ASSIGNMENT
From the listing below, retype exactly the line holding "WhlImbRejctnMaxMgnFltRcvryNegStep = DataDict.Calibration", the line holding "WhlImbRejctnMgnEstimnFrqDelta = DataDict.Calibration", and the lines between them; skip everything else.

== Segment start ==

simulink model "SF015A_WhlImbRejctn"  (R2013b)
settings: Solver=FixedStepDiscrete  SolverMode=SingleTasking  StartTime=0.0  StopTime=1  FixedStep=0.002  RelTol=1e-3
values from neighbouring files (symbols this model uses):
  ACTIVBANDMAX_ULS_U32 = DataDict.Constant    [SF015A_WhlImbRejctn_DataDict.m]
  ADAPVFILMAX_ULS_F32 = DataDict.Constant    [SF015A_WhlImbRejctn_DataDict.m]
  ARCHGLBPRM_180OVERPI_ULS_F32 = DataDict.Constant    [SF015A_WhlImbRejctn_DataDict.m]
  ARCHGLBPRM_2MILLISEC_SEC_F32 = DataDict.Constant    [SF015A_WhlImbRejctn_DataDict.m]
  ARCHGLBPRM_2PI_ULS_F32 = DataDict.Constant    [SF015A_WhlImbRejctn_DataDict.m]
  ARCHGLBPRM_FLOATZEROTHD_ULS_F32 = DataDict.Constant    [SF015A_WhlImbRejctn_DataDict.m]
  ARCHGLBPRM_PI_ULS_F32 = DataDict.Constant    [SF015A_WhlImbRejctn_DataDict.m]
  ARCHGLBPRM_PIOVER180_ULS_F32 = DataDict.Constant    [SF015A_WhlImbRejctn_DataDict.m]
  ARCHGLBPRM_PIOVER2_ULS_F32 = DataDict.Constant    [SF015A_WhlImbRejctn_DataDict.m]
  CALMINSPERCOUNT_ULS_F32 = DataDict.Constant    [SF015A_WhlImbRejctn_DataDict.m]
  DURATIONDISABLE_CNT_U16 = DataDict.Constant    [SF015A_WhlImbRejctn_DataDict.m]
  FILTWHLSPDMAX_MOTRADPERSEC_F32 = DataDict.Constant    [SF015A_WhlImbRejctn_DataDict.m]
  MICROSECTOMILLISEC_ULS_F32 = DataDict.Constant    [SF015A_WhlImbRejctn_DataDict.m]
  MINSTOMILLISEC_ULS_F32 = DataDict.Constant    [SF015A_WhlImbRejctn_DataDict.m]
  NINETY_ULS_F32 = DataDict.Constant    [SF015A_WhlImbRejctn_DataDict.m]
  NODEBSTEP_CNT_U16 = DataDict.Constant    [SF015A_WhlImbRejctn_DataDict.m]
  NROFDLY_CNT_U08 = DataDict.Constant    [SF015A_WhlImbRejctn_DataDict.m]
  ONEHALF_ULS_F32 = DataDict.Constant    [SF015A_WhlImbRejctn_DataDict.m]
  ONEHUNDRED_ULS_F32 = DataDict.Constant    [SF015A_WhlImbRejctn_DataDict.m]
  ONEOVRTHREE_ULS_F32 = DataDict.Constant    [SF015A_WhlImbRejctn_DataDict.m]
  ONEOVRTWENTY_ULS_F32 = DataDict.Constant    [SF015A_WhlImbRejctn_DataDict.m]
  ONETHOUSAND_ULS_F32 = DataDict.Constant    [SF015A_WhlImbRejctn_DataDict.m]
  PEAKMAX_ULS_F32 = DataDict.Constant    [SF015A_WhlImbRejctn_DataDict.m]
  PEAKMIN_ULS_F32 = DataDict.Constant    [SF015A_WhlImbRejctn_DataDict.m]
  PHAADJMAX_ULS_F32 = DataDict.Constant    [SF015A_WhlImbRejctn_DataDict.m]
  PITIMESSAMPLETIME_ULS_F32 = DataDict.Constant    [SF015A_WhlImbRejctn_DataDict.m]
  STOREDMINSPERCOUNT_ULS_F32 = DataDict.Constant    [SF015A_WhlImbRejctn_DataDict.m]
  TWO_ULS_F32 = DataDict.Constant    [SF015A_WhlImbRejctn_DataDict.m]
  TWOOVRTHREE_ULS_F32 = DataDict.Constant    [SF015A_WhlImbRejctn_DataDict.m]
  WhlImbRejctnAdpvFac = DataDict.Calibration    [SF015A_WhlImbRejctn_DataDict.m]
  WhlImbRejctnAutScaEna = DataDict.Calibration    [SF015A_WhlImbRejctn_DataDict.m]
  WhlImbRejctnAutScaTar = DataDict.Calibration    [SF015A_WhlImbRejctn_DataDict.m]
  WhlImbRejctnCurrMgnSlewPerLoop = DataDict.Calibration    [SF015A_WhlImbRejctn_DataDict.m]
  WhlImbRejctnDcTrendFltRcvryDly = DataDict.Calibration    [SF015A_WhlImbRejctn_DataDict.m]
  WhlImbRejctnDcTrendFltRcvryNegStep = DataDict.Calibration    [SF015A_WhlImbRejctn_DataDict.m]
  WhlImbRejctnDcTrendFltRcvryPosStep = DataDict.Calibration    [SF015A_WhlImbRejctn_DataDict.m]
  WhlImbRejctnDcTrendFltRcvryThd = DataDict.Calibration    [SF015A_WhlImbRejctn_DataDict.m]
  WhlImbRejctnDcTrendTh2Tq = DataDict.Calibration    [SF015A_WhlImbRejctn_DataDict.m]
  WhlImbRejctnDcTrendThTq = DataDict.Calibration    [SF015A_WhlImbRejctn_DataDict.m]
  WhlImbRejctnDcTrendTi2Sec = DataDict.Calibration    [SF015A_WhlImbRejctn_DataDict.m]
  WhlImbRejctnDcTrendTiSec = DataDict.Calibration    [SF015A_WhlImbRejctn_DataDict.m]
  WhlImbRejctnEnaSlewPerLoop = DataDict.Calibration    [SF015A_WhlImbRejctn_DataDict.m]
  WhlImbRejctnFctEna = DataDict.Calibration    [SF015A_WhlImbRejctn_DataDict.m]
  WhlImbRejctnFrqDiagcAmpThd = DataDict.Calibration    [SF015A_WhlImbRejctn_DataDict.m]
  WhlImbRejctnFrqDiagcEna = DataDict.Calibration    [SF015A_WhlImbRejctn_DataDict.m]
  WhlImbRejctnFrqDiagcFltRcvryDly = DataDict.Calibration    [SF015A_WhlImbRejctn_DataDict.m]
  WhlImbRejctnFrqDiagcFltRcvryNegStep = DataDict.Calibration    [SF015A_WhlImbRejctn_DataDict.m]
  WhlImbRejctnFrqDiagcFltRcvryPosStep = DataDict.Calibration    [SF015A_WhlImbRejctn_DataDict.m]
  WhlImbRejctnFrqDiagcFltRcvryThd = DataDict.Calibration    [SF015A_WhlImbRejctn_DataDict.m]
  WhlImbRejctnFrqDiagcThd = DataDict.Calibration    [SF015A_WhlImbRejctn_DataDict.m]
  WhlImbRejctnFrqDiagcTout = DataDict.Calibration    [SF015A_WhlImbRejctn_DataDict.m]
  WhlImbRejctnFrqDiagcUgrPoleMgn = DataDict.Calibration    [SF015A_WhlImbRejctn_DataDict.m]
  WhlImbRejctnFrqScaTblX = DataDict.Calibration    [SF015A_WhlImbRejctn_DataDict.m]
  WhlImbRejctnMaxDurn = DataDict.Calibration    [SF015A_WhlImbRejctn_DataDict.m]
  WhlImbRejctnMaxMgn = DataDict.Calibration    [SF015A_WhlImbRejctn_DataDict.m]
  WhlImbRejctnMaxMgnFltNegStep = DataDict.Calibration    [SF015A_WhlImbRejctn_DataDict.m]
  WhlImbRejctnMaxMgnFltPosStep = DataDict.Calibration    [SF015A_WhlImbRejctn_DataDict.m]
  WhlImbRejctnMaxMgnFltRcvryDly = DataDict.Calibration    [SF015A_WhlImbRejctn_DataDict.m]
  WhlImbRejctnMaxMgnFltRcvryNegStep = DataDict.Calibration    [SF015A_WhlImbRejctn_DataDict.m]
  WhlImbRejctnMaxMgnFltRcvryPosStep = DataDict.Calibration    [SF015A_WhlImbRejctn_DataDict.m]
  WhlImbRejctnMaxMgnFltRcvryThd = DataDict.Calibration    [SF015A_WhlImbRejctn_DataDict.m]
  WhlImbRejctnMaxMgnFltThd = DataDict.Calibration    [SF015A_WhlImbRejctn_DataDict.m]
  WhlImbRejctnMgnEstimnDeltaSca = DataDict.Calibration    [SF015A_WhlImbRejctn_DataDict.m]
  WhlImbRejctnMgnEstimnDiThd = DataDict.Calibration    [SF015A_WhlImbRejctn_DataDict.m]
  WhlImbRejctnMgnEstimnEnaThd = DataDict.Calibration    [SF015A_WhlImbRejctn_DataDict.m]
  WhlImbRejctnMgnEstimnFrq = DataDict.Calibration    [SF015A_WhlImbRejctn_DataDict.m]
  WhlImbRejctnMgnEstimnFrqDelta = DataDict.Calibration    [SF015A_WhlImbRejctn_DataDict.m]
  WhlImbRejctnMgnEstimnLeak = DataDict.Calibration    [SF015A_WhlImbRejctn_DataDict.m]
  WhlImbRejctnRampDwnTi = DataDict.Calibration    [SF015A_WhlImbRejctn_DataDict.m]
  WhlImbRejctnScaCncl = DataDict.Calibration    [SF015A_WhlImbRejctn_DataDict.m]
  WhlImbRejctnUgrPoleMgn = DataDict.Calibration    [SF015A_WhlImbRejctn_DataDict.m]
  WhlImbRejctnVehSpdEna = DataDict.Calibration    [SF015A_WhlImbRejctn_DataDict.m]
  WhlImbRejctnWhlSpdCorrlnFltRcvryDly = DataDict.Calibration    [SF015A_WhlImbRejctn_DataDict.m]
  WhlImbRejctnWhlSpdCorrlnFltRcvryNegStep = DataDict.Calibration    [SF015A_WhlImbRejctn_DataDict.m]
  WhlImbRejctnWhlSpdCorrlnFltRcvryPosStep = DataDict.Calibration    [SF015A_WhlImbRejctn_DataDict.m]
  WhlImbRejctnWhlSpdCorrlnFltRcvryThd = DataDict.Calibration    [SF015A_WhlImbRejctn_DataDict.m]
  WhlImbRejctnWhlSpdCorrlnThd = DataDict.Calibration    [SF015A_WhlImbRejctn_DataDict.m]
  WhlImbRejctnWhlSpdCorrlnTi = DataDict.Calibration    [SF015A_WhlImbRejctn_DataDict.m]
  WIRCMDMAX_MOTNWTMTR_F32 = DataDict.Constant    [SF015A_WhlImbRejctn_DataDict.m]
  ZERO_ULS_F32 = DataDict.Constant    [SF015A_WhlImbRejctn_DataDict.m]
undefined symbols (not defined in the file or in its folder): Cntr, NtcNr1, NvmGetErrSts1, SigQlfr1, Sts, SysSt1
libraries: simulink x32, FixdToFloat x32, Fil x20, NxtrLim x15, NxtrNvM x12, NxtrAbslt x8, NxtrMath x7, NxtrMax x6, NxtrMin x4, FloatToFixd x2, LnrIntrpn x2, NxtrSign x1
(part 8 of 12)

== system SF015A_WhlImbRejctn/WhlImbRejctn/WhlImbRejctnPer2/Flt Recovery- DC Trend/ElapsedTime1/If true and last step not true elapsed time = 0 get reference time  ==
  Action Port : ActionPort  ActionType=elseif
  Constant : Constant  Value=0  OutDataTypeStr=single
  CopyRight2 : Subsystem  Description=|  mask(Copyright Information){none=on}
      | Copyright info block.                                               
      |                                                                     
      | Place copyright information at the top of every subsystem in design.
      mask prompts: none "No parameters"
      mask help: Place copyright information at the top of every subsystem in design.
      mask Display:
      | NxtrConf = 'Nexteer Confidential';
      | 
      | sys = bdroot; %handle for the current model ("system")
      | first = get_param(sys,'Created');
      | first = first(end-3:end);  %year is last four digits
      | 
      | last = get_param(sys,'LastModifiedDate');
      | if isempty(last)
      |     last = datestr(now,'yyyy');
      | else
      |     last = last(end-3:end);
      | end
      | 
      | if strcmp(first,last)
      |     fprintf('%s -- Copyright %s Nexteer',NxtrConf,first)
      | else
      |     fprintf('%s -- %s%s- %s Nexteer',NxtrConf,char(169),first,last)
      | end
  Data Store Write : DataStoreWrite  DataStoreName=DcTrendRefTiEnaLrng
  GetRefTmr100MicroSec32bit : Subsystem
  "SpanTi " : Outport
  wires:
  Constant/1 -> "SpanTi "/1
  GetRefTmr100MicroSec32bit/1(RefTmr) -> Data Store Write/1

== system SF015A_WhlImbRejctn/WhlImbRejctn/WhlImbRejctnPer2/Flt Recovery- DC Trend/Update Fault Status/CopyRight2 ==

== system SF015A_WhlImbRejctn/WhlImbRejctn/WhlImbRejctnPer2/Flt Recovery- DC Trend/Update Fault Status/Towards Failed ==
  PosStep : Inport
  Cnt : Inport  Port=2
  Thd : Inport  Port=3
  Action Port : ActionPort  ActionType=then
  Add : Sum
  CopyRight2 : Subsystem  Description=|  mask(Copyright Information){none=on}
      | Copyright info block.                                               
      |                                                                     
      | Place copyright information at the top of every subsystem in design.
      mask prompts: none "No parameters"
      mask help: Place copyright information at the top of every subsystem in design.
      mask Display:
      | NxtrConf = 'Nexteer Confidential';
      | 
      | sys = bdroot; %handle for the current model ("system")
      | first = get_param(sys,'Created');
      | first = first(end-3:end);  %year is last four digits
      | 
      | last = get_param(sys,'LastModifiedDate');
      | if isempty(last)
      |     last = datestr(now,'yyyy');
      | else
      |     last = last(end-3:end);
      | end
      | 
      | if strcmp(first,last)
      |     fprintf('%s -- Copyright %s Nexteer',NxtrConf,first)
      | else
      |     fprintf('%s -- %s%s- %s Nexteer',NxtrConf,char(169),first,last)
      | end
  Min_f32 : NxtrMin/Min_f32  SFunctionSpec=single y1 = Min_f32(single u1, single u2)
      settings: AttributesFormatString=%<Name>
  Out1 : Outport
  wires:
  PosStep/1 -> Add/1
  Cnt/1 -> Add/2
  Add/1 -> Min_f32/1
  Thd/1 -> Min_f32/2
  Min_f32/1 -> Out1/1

== Segment end ==

ANSWER BOX
  WhlImbRejctnMaxMgnFltRcvryNegStep = DataDict.Calibration    [SF015A_WhlImbRejctn_DataDict.m]
  WhlImbRejctnMaxMgnFltRcvryPosStep = DataDict.Calibration    [SF015A_WhlImbRejctn_DataDict.m]
  WhlImbRejctnMaxMgnFltRcvryThd = DataDict.Calibration    [SF015A_WhlImbRejctn_DataDict.m]
  WhlImbRejctnMaxMgnFltThd = DataDict.Calibration    [SF015A_WhlImbRejctn_DataDict.m]
  WhlImbRejctnMgnEstimnDeltaSca = DataDict.Calibration    [SF015A_WhlImbRejctn_DataDict.m]
  WhlImbRejctnMgnEstimnDiThd = DataDict.Calibration    [SF015A_WhlImbRejctn_DataDict.m]
  WhlImbRejctnMgnEstimnEnaThd = DataDict.Calibration    [SF015A_WhlImbRejctn_DataDict.m]
  WhlImbRejctnMgnEstimnFrq = DataDict.Calibration    [SF015A_WhlImbRejctn_DataDict.m]
  WhlImbRejctnMgnEstimnFrqDelta = DataDict.Calibration    [SF015A_WhlImbRejctn_DataDict.m]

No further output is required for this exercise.